**What is required**. Below are some records; output exactly the lines from the line with "35.321067812), (38.25, 28.25))" to the line with "Line((28.25, -38.25), (-28.25, -38.25))", both ends kept, and nothing more.

Stored data entries

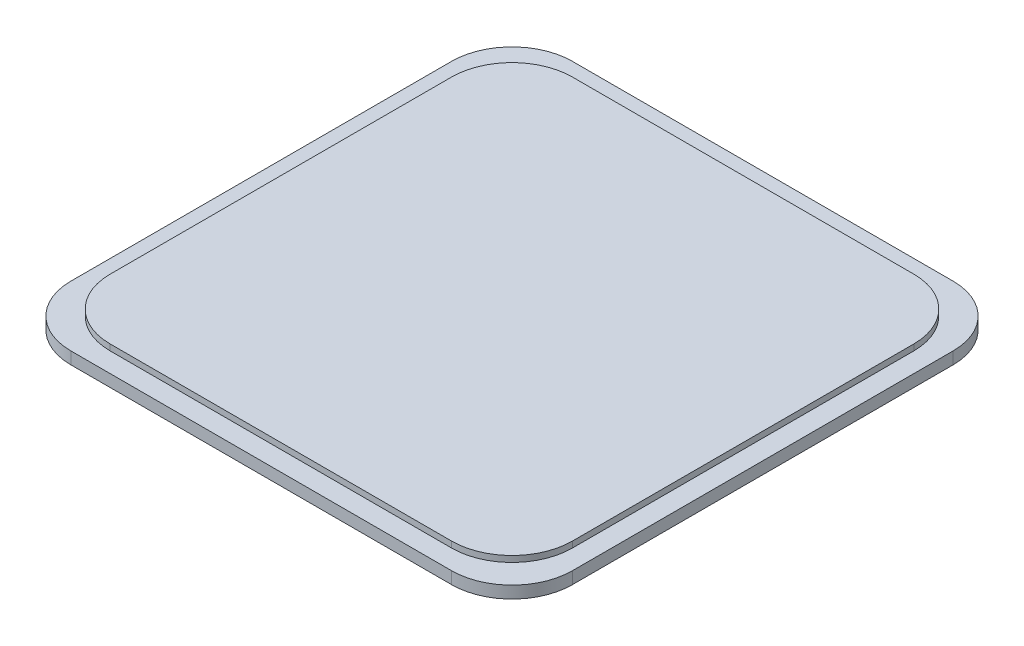
from build123d import *

# Parameters (mm, degrees)
BOSS_EXTRUDE1_DEPTH = 2
BOSS_EXTRUDE2_DEPTH = 1


with BuildPart() as part:
    # Sketch1 → Boss-Extrude1 (new body)
    with BuildSketch(Plane(origin=(0, 0, 0), x_dir=(1, 0, 0), z_dir=(0, 1, 0))):
        with BuildLine():
            Line((-31.5, 41.5), (31.5, 41.5))
            ThreePointArc((31.5, 41.5), (38.571067812, 38.571067812), (41.5, 31.5))
            Line((41.5, 31.5), (41.5, -31.5))
            ThreePointArc((41.5, -31.5), (38.571067812, -38.571067812), (31.5, -41.5))
            Line((31.5, -41.5), (-31.5, -41.5))
            ThreePointArc((-31.5, -41.5), (-38.571067812, -38.571067812), (-41.5, -31.5))
            Line((-41.5, -31.5), (-41.5, 31.5))
            ThreePointArc((-41.5, 31.5), (-38.571067812, 38.571067812), (-31.5, 41.5))
        make_face()
    extrude(amount=BOSS_EXTRUDE1_DEPTH)

    # Sketch2 → Boss-Extrude2 (add)
    with BuildSketch(Plane(origin=(0, 2, 0), x_dir=(1, 0, 0), z_dir=(0, 1, 0))):
        with BuildLine():
            Line((-28.25, 38.25), (28.25, 38.25))
            ThreePointArc((28.25, 38.25), (35.321067812, 35.321067812), (38.25, 28.25))
            Line((38.25, 28.25), (38.25, -28.25))
            ThreePointArc((38.25, -28.25), (35.321067812, -35.321067812), (28.25, -38.25))
            Line((28.25, -38.25), (-28.25, -38.25))
            ThreePointArc((-28.25, -38.25), (-35.321067812, -35.321067812), (-38.25, -28.25))
            Line((-38.25, -28.25), (-38.25, 28.25))
            ThreePointArc((-38.25, 28.25), (-35.321067812, 35.321067812), (-28.25, 38.25))
        make_face()
    extrude(amount=BOSS_EXTRUDE2_DEPTH)


solid = part.part

**Exercise result**.
            ThreePointArc((28.25, 38.25), (35.321067812, 35.321067812), (38.25, 28.25))
            Line((38.25, 28.25), (38.25, -28.25))
            ThreePointArc((38.25, -28.25), (35.321067812, -35.321067812), (28.25, -38.25))
            Line((28.25, -38.25), (-28.25, -38.25))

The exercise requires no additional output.